On the existence of solution of stage equations in implicit Runge–Kutta methods

This paper is concerned with the unique solvability of stage equations which arise when implicit Runge–Kutta methods apply to nonlinear stiff systems of differential equations y′=f(t,y). Denoting by A the matrix of coefficients of the Runge–Kutta method and by μ2[J] the logarithmic norm of the matrix J associated with the ℓ2-norm, several authors (Crouzeix et al., BIT 23 (1983) 84–91; Hundsdorfer and Spijker, SIAM J. Numer. Anal. 24 (1987) 583–594; Kraaijevanger and Schneid, Numer. Math. 59 (1991) 129–157; Liu and Kraaijevanger, BIT 28(4) (1988) 825–838) have obtained conditions on A that ensure, for a given λ, the unique solvability of stage equations for all stepsize h and stiff system with hμ2[f′(t,y)]<λ, where f′(t,y) is the jacobian matrix of f with respect to y. The aim of this paper is to study the unique solvability of stage equations in the frame of the ℓ∞- and ℓ1-norms.

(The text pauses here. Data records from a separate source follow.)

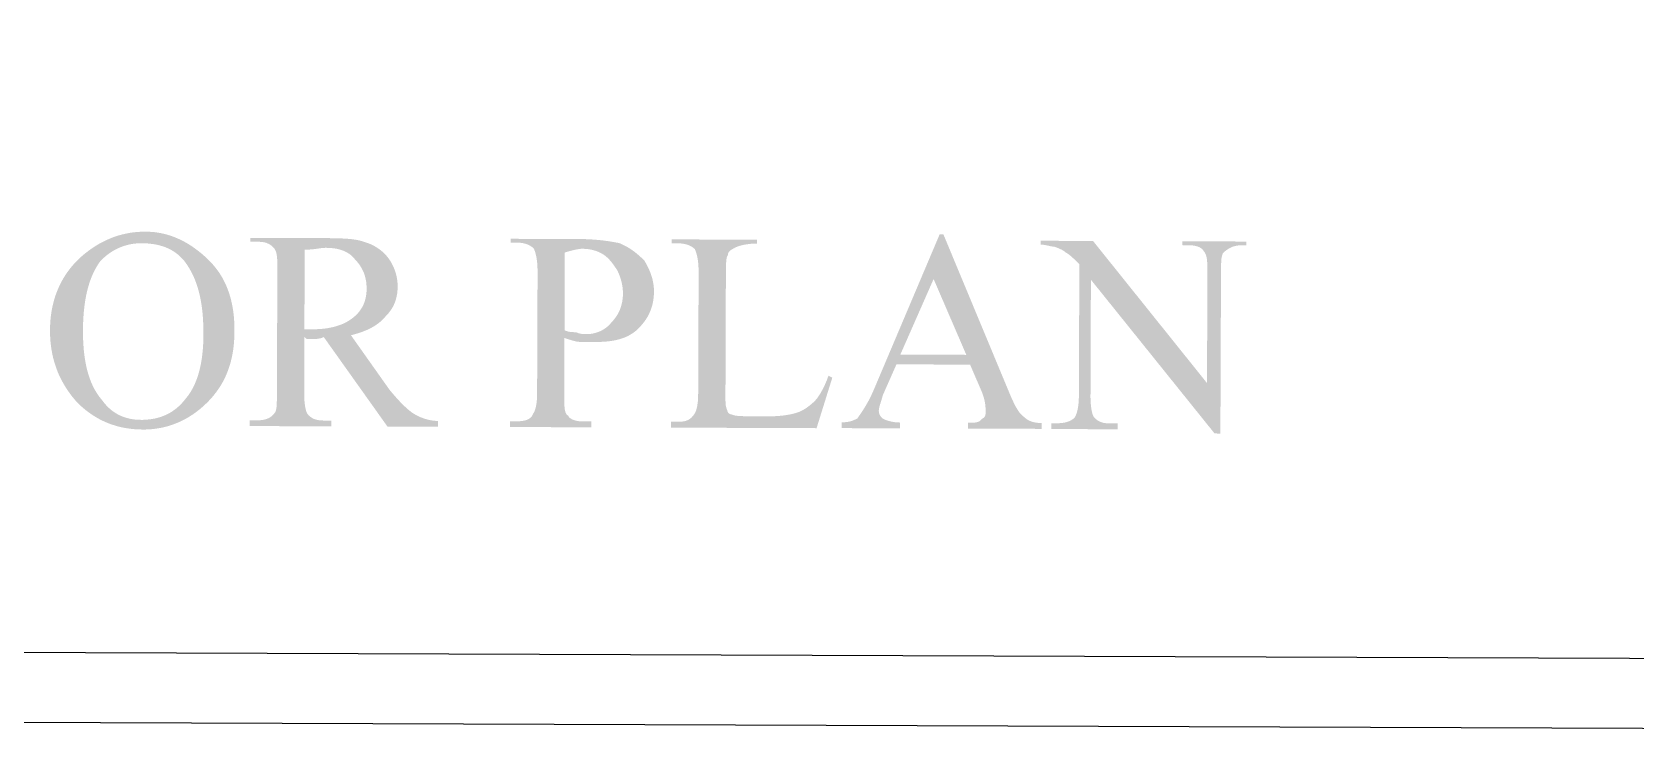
# Model space of a CAD drawing. Header units: millimetres. Extents: x -125 to 146, y -26 to 163.
# Drawn here: x -17.3 to 17.71, y -26.5 to -10.79 of the extents above; entities that cross this region are included whole.
import ezdxf
from ezdxf.xclip import XClip

# ---------------------------------------------------------------- set-up
doc = ezdxf.new("R2010")
doc.units = ezdxf.units.MM
doc.header["$MEASUREMENT"] = 0
doc.header["$XCLIPFRAME"] = 0
doc.layers.get('0').update_dxf_attribs({"color": 255, "linetype": 'CONTINUOUS'})

# ---------------------------------------------------------------- blocks, each defined once
blk = doc.blocks.new('MF3276_2')
at = {"color": 7, "linetype": 'Continuous', "lineweight": 25, "true_color": 0x000007}
blk.add_lwpolyline([(11.099, 269.319), (11.099, -7.784), (199.197, -7.784), (199.197, 269.319)], close=True, dxfattribs=at)

msp = doc.modelspace()

# ---------------------------------------------------------------- hatches: boundary and pattern name
at = {"true_color": 0x000001}
h = msp.add_hatch(color=1, dxfattribs=at)
h.paths.add_polyline_path([(-14.825, -15.154), (-14.761, -15.155), (-14.699, -15.159), (-14.636, -15.164), (-14.574, -15.172), (-14.513, -15.182), (-14.452, -15.195), (-14.391, -15.209), (-14.331, -15.226), (-14.271, -15.245), (-14.212, -15.266), (-14.153, -15.29), (-14.095, -15.315), (-14.037, -15.343), (-13.979, -15.373), (-13.922, -15.405), (-13.865, -15.44), (-13.809, -15.476), (-13.753, -15.515), (-13.698, -15.556), (-13.643, -15.599), (-13.588, -15.644), (-13.534, -15.692), (-13.481, -15.742), (-13.427, -15.794), (-13.381, -15.842), (-13.337, -15.892), (-13.295, -15.943), (-13.255, -15.996), (-13.217, -16.049), (-13.182, -16.104), (-13.148, -16.161), (-13.117, -16.218), (-13.088, -16.278), (-13.06, -16.338), (-13.035, -16.4), (-13.012, -16.463), (-12.991, -16.527), (-12.971, -16.593), (-12.954, -16.66), (-12.939, -16.728), (-12.925, -16.797), (-12.913, -16.868), (-12.904, -16.941), (-12.896, -17.014), (-12.89, -17.09), (-12.886, -17.166), (-12.883, -17.244), (-12.883, -17.323), (-12.884, -17.401), (-12.887, -17.479), (-12.892, -17.555), (-12.898, -17.63), (-12.907, -17.704), (-12.917, -17.776), (-12.93, -17.847), (-12.945, -17.917), (-12.961, -17.986), (-12.98, -18.054), (-13.001, -18.12), (-13.024, -18.186), (-13.049, -18.25), (-13.076, -18.314), (-13.106, -18.376), (-13.138, -18.437), (-13.172, -18.497), (-13.209, -18.556), (-13.248, -18.614), (-13.29, -18.671), (-13.334, -18.727), (-13.38, -18.782), (-13.429, -18.836), (-13.481, -18.889), (-13.53, -18.936), (-13.579, -18.981), (-13.629, -19.024), (-13.681, -19.065), (-13.732, -19.104), (-13.785, -19.142), (-13.839, -19.177), (-13.893, -19.211), (-13.949, -19.243), (-14.005, -19.272), (-14.062, -19.3), (-14.12, -19.326), (-14.179, -19.35), (-14.239, -19.372), (-14.299, -19.392), (-14.361, -19.41), (-14.423, -19.426), (-14.486, -19.439), (-14.55, -19.451), (-14.615, -19.46), (-14.681, -19.468), (-14.747, -19.473), (-14.815, -19.476), (-14.883, -19.477), (-14.956, -19.475), (-15.029, -19.472), (-15.099, -19.466), (-15.169, -19.458), (-15.237, -19.448), (-15.305, -19.436), (-15.371, -19.422), (-15.435, -19.406), (-15.499, -19.387), (-15.561, -19.367), (-15.623, -19.345), (-15.683, -19.32), (-15.742, -19.294), (-15.8, -19.266), (-15.857, -19.236), (-15.913, -19.203), (-15.967, -19.169), (-16.021, -19.133), (-16.074, -19.095), (-16.126, -19.056), (-16.176, -19.014), (-16.226, -18.971), (-16.275, -18.926), (-16.323, -18.879), (-16.369, -18.825), (-16.414, -18.771), (-16.457, -18.715), (-16.498, -18.659), (-16.537, -18.602), (-16.575, -18.543), (-16.61, -18.484), (-16.644, -18.424), (-16.676, -18.362), (-16.706, -18.3), (-16.734, -18.237), (-16.759, -18.172), (-16.783, -18.106), (-16.805, -18.04), (-16.825, -17.972), (-16.843, -17.903), (-16.859, -17.833), (-16.872, -17.761), (-16.884, -17.689), (-16.893, -17.615), (-16.901, -17.54), (-16.906, -17.464), (-16.909, -17.386), (-16.91, -17.308), (-16.908, -17.228), (-16.905, -17.15), (-16.899, -17.073), (-16.891, -16.996), (-16.88, -16.921), (-16.868, -16.847), (-16.853, -16.773), (-16.835, -16.701), (-16.816, -16.63), (-16.794, -16.559), (-16.769, -16.49), (-16.742, -16.422), (-16.713, -16.355), (-16.681, -16.29), (-16.647, -16.225), (-16.611, -16.162), (-16.572, -16.099), (-16.53, -16.038), (-16.486, -15.979), (-16.439, -15.92), (-16.39, -15.863), (-16.338, -15.807), (-16.283, -15.752), (-16.226, -15.699), (-16.178, -15.657), (-16.128, -15.617), (-16.078, -15.579), (-16.027, -15.541), (-15.975, -15.505), (-15.922, -15.471), (-15.869, -15.438), (-15.814, -15.407), (-15.759, -15.378), (-15.703, -15.35), (-15.646, -15.324), (-15.588, -15.299), (-15.529, -15.276), (-15.469, -15.255), (-15.409, -15.236), (-15.347, -15.219), (-15.285, -15.204), (-15.222, -15.191), (-15.158, -15.179), (-15.093, -15.17), (-15.027, -15.163), (-14.961, -15.158), (-14.893, -15.155)])
h.paths.add_polyline_path([(-14.91, -15.407), (-14.952, -15.408), (-14.994, -15.41), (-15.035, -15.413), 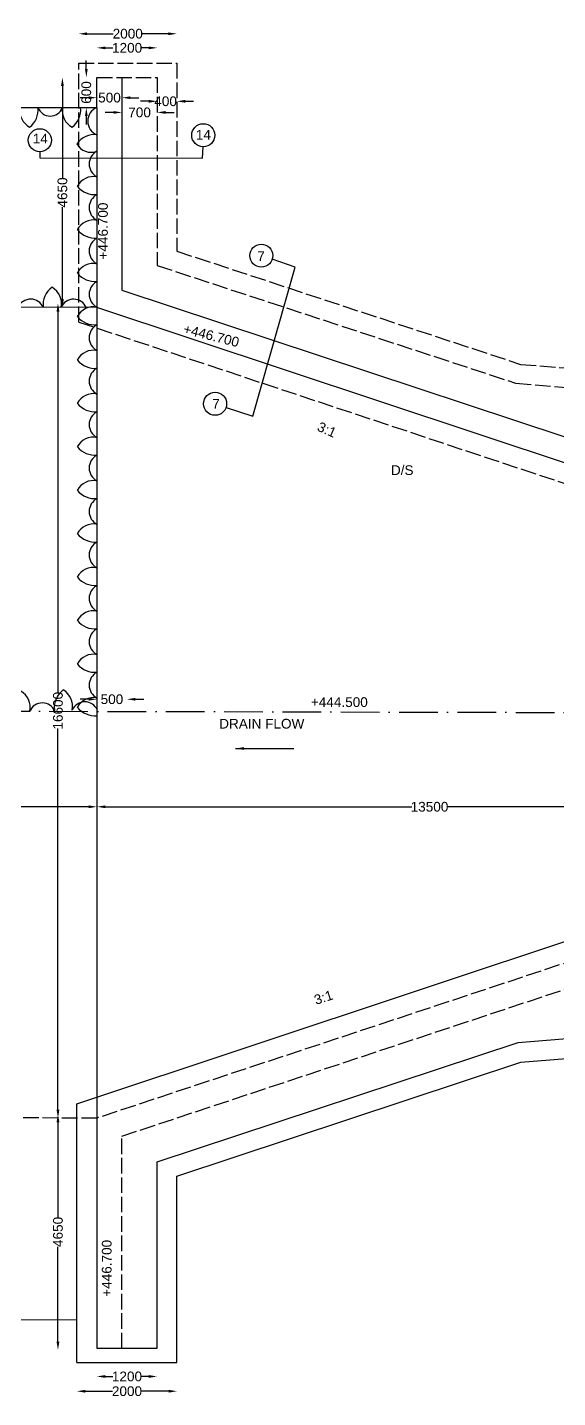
# Model space of a CAD drawing. Header units: millimetres. Extents: x 5757556 to 5765813, y 20979447 to 20984701.
# Drawn here: x 5758696 to 5759515, y 20980814 to 20982931 of the extents above; entities that cross this region are included whole.
import ezdxf

# ---------------------------------------------------------------- set-up
doc = ezdxf.new("R2010")
doc.units = ezdxf.units.MM
doc.header["$MEASUREMENT"] = 0
doc.linetypes.add('ACAD_ISO02W100', pattern=[15, 12, -3])
doc.linetypes.add('ACAD_ISO10W100', pattern=[18, 12, -3, 0, -3])
for name, color, linetype in [('DIMENSIONS', 7, 'Continuous'), ('DRAWING', 7, 'Continuous'), ('TEXT', 7, 'Continuous')]:
    doc.layers.add(name, color=color, linetype=linetype)
doc.styles.get("Standard").update_dxf_attribs({"font": 'arial.ttf', "height": 15})
doc.dimstyles.get("Standard").update_dxf_attribs({"dimtxt": 15, "dimasz": 13, "dimexe": 0.18, "dimexo": 0.0625, "dimgap": 0.09, "dimtad": 0, "dimdec": 0, "dimzin": 0, "dimdsep": 46, "dimtxsty": 'Standard', "dimcen": 0.09, "dimse1": 1, "dimse2": 1, "dimadec": 0, "dimazin": 0, "dimtfac": 1, "dimtdec": 0, "dimtofl": 0, "dimtmove": 0, "dimatfit": 3, "dimfxl": 1, "dimtolj": 1, "dimtzin": 0, "dimarcsym": 0})

# ---------------------------------------------------------------- blocks, each defined once
blk = doc.blocks.new('*D43')
at = {"layer": 'Defpoints', "color": 0, "transparency": 16777216}
for p in [(5758927.2, 20982921.3), (5758775.6, 20982876), (5758927.2, 20982876)]:
    blk.add_point(p, dxfattribs=at)
at = {"layer": 'DIMENSIONS', "color": 0, "lineweight": -2, "transparency": 16777216}
for p, q in [((5758788.6, 20982921.3), (5758828.8, 20982921.3)), ((5758914.2, 20982921.3), (5758874, 20982921.3))]:
    blk.add_line(p, q, dxfattribs=at)
at = {"layer": 'DIMENSIONS', "color": 0, "transparency": 16777216}
for points in [[(5758788.6, 20982923.4), (5758788.6, 20982919.1), (5758775.6, 20982921.3)], [(5758914.2, 20982923.4), (5758914.2, 20982919.1), (5758927.2, 20982921.3)]]:
    blk.add_solid(points, dxfattribs=at)
at = {"layer": 'DIMENSIONS', "color": 0, "transparency": 16777216, "insert": (5758851.4, 20982921.3), "char_height": 15, "attachment_point": 5}
blk.add_mtext('\\A1;2000', dxfattribs=at)
blk = doc.blocks.new('*D44')
at = {"layer": 'Defpoints', "color": 0, "transparency": 16777216}
for p in [(5758896.9, 20982899.5), (5758803.8, 20982853.8), (5758896.9, 20982853.8)]:
    blk.add_point(p, dxfattribs=at)
at = {"layer": 'DIMENSIONS', "color": 0, "lineweight": -2, "transparency": 16777216}
for p, q in [((5758816.8, 20982899.5), (5758828.6, 20982899.5)), ((5758883.9, 20982899.5), (5758872.1, 20982899.5))]:
    blk.add_line(p, q, dxfattribs=at)
at = {"layer": 'DIMENSIONS', "color": 0, "transparency": 16777216}
for points in [[(5758816.8, 20982901.6), (5758816.8, 20982897.3), (5758803.8, 20982899.5)], [(5758883.9, 20982901.6), (5758883.9, 20982897.3), (5758896.9, 20982899.5)]]:
    blk.add_solid(points, dxfattribs=at)
at = {"layer": 'DIMENSIONS', "color": 0, "transparency": 16777216, "insert": (5758850.4, 20982899.5), "char_height": 15, "attachment_point": 5}
blk.add_mtext('\\A1;1200', dxfattribs=at)
blk = doc.blocks.new('*D45')
at = {"layer": 'Defpoints', "color": 0, "transparency": 16777216}
for p in [(5758803.8, 20982853.8), (5758787.4, 20982807.1), (5758803.8, 20982807.1)]:
    blk.add_point(p, dxfattribs=at)
at = {"layer": 'DIMENSIONS', "color": 0, "lineweight": -2, "transparency": 16777216}
for p, q in [((5758787.4, 20982866.8), (5758787.4, 20982879.8)), ((5758787.4, 20982794.1), (5758787.4, 20982781.1))]:
    blk.add_line(p, q, dxfattribs=at)
at = {"layer": 'DIMENSIONS', "color": 0, "transparency": 16777216}
for points in [[(5758785.3, 20982866.8), (5758789.6, 20982866.8), (5758787.4, 20982853.8)], [(5758785.3, 20982794.1), (5758789.6, 20982794.1), (5758787.4, 20982807.1)]]:
    blk.add_solid(points, dxfattribs=at)
at = {"layer": 'DIMENSIONS', "color": 0, "transparency": 16777216, "insert": (5758787.4, 20982830.5), "char_height": 15, "attachment_point": 5, "rotation": 90}
blk.add_mtext('\\A1;600', dxfattribs=at)
blk = doc.blocks.new('*D46')
at = {"layer": 'Defpoints', "color": 0, "transparency": 16777216}
for p in [(5758803.8, 20982822.5), (5758842.5, 20982822.5), (5758842.5, 20982822.5)]:
    blk.add_point(p, dxfattribs=at)
at = {"layer": 'DIMENSIONS', "color": 0, "lineweight": -2, "transparency": 16777216}
for p, q in [((5758790.8, 20982822.5), (5758777.8, 20982822.5)), ((5758855.5, 20982822.5), (5758868.5, 20982822.5))]:
    blk.add_line(p, q, dxfattribs=at)
at = {"layer": 'DIMENSIONS', "color": 0, "transparency": 16777216}
for points in [[(5758790.8, 20982824.6), (5758790.8, 20982820.3), (5758803.8, 20982822.5)], [(5758855.5, 20982824.6), (5758855.5, 20982820.3), (5758842.5, 20982822.5)]]:
    blk.add_solid(points, dxfattribs=at)
at = {"layer": 'DIMENSIONS', "color": 0, "transparency": 16777216, "insert": (5758823.2, 20982822.5), "char_height": 15, "attachment_point": 5}
blk.add_mtext('\\A1;500', dxfattribs=at)
blk = doc.blocks.new('*D47')
at = {"layer": 'Defpoints', "color": 0, "transparency": 16777216}
for p in [(5758842.5, 20982799.7), (5758896.9, 20982799.7), (5758896.9, 20982799.7)]:
    blk.add_point(p, dxfattribs=at)
at = {"layer": 'DIMENSIONS', "color": 0, "lineweight": -2, "transparency": 16777216}
for p, q in [((5758829.5, 20982799.7), (5758816.5, 20982799.7)), ((5758909.9, 20982799.7), (5758922.9, 20982799.7))]:
    blk.add_line(p, q, dxfattribs=at)
at = {"layer": 'DIMENSIONS', "color": 0, "transparency": 16777216}
for points in [[(5758829.5, 20982801.9), (5758829.5, 20982797.6), (5758842.5, 20982799.7)], [(5758909.9, 20982801.9), (5758909.9, 20982797.6), (5758896.9, 20982799.7)]]:
    blk.add_solid(points, dxfattribs=at)
at = {"layer": 'DIMENSIONS', "color": 0, "transparency": 16777216, "insert": (5758869.7, 20982799.7), "char_height": 15, "attachment_point": 5}
blk.add_mtext('\\A1;700', dxfattribs=at)
blk = doc.blocks.new('*D48')
at = {"layer": 'Defpoints', "color": 0, "transparency": 16777216}
for p in [(5758896.9, 20982814.7), (5758927.2, 20982816.9), (5758927.2, 20982814.7)]:
    blk.add_point(p, dxfattribs=at)
at = {"layer": 'DIMENSIONS', "color": 0, "lineweight": -2, "transparency": 16777216}
for p, q in [((5758883.9, 20982816.9), (5758870.9, 20982816.9)), ((5758940.2, 20982816.9), (5758953.2, 20982816.9))]:
    blk.add_line(p, q, dxfattribs=at)
at = {"layer": 'DIMENSIONS', "color": 0, "transparency": 16777216}
for points in [[(5758883.9, 20982819.1), (5758883.9, 20982814.7), (5758896.9, 20982816.9)], [(5758940.2, 20982819.1), (5758940.2, 20982814.7), (5758927.2, 20982816.9)]]:
    blk.add_solid(points, dxfattribs=at)
at = {"layer": 'DIMENSIONS', "color": 0, "transparency": 16777216, "insert": (5758909.9, 20982816.9), "char_height": 15, "attachment_point": 5}
blk.add_mtext('\\A1;400', dxfattribs=at)
blk = doc.blocks.new('*D49')
at = {"layer": 'Defpoints', "color": 0, "transparency": 16777216}
for p in [(5758803.8, 20982853.8), (5758750.5, 20982498.2), (5758803.1, 20982498.2)]:
    blk.add_point(p, dxfattribs=at)
at = {"layer": 'DIMENSIONS', "color": 0, "lineweight": -2, "transparency": 16777216}
for p, q in [((5758750.5, 20982840.8), (5758750.5, 20982698.8)), ((5758750.5, 20982511.2), (5758750.5, 20982653.2))]:
    blk.add_line(p, q, dxfattribs=at)
at = {"layer": 'DIMENSIONS', "color": 0, "transparency": 16777216}
for points in [[(5758748.3, 20982840.8), (5758752.6, 20982840.8), (5758750.5, 20982853.8)], [(5758748.3, 20982511.2), (5758752.6, 20982511.2), (5758750.5, 20982498.2)]]:
    blk.add_solid(points, dxfattribs=at)
at = {"layer": 'DIMENSIONS', "color": 0, "transparency": 16777216, "insert": (5758750.5, 20982676), "char_height": 15, "attachment_point": 5, "rotation": 90}
blk.add_mtext('\\A1;4650', dxfattribs=at)
blk = doc.blocks.new('*D50')
at = {"layer": 'Defpoints', "color": 0, "transparency": 16777216}
for p in [(5758803.8, 20981877.4), (5758850.2, 20981892.8), (5758850.2, 20981874)]:
    blk.add_point(p, dxfattribs=at)
at = {"layer": 'DIMENSIONS', "color": 0, "lineweight": -2, "transparency": 16777216}
for p, q in [((5758790.8, 20981892.8), (5758777.8, 20981892.8)), ((5758863.2, 20981892.8), (5758876.2, 20981892.8))]:
    blk.add_line(p, q, dxfattribs=at)
at = {"layer": 'DIMENSIONS', "color": 0, "transparency": 16777216}
for points in [[(5758790.8, 20981894.9), (5758790.8, 20981890.6), (5758803.8, 20981892.8)], [(5758863.2, 20981894.9), (5758863.2, 20981890.6), (5758850.2, 20981892.8)]]:
    blk.add_solid(points, dxfattribs=at)
at = {"layer": 'DIMENSIONS', "color": 0, "transparency": 16777216, "insert": (5758827, 20981892.8), "char_height": 15, "attachment_point": 5}
blk.add_mtext('\\A1;500', dxfattribs=at)
blk = doc.blocks.new('*D51')
at = {"layer": 'Defpoints', "color": 0, "transparency": 16777216}
for p in [(5758743.6, 20982504.7), (5758751.5, 20982504.7), (5758772.9, 20981245.5)]:
    blk.add_point(p, dxfattribs=at)
at = {"layer": 'DIMENSIONS', "color": 0, "lineweight": -2, "transparency": 16777216}
for p, q in [((5758743.6, 20982491.7), (5758743.6, 20981902.7)), ((5758743.6, 20981258.5), (5758743.6, 20981847.5))]:
    blk.add_line(p, q, dxfattribs=at)
at = {"layer": 'DIMENSIONS', "color": 0, "transparency": 16777216}
for points in [[(5758741.4, 20982491.7), (5758745.8, 20982491.7), (5758743.6, 20982504.7)], [(5758741.4, 20981258.5), (5758745.8, 20981258.5), (5758743.6, 20981245.5)]]:
    blk.add_solid(points, dxfattribs=at)
at = {"layer": 'DIMENSIONS', "color": 0, "transparency": 16777216, "insert": (5758743.6, 20981875.1), "char_height": 15, "attachment_point": 5, "rotation": 90}
blk.add_mtext('\\A1;16600', dxfattribs=at)
blk = doc.blocks.new('*D52')
at = {"layer": 'Defpoints', "color": 0, "transparency": 16777216}
for p in [(5758421.9, 20981709.2), (5758803.8, 20981726.6), (5758803.8, 20981709.2)]:
    blk.add_point(p, dxfattribs=at)
at = {"layer": 'DIMENSIONS', "color": 0, "lineweight": -2, "transparency": 16777216}
for p, q in [((5758434.9, 20981726.6), (5758590.4, 20981726.6)), ((5758790.8, 20981726.6), (5758635.3, 20981726.6))]:
    blk.add_line(p, q, dxfattribs=at)
at = {"layer": 'DIMENSIONS', "color": 0, "transparency": 16777216}
for points in [[(5758434.9, 20981728.8), (5758434.9, 20981724.5), (5758421.9, 20981726.6)], [(5758790.8, 20981728.8), (5758790.8, 20981724.5), (5758803.8, 20981726.6)]]:
    blk.add_solid(points, dxfattribs=at)
at = {"layer": 'DIMENSIONS', "color": 0, "transparency": 16777216, "insert": (5758612.9, 20981726.6), "char_height": 15, "attachment_point": 5}
blk.add_mtext('\\A1;8000', dxfattribs=at)
blk = doc.blocks.new('*D53')
at = {"layer": 'Defpoints', "color": 0, "transparency": 16777216}
for p in [(5758744.7, 20981252), (5758743.6, 20980887.2), (5758744.7, 20980887.2)]:
    blk.add_point(p, dxfattribs=at)
at = {"layer": 'DIMENSIONS', "color": 0, "lineweight": -2, "transparency": 16777216}
for p, q in [((5758743.6, 20981239), (5758743.6, 20981092.4)), ((5758743.6, 20980900.2), (5758743.6, 20981046.8))]:
    blk.add_line(p, q, dxfattribs=at)
at = {"layer": 'DIMENSIONS', "color": 0, "transparency": 16777216}
for points in [[(5758741.4, 20981239), (5758745.8, 20981239), (5758743.6, 20981252)], [(5758741.4, 20980900.2), (5758745.8, 20980900.2), (5758743.6, 20980887.2)]]:
    blk.add_solid(points, dxfattribs=at)
at = {"layer": 'DIMENSIONS', "color": 0, "transparency": 16777216, "insert": (5758743.6, 20981069.6), "char_height": 15, "attachment_point": 5, "rotation": 90}
blk.add_mtext('\\A1;4650', dxfattribs=at)
blk = doc.blocks.new('*D54')
at = {"layer": 'Defpoints', "color": 0, "transparency": 16777216}
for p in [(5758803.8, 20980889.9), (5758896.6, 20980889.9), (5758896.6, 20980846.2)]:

For a given real λ it will be proved that the condition μ∞[(λI−A−1)D]<0, for some positive-definite diagonal matrix D, implies that the stage equations are uniquely solvable for all stepsize h and function f such that hμ∞[f′(t,y)]⩽λ. Further, it is shown that these conditions also imply the BSI-stability i.e. the stability of stage equations under non uniform perturbations. Applications to some well-known families of Runge–Kutta methods are included.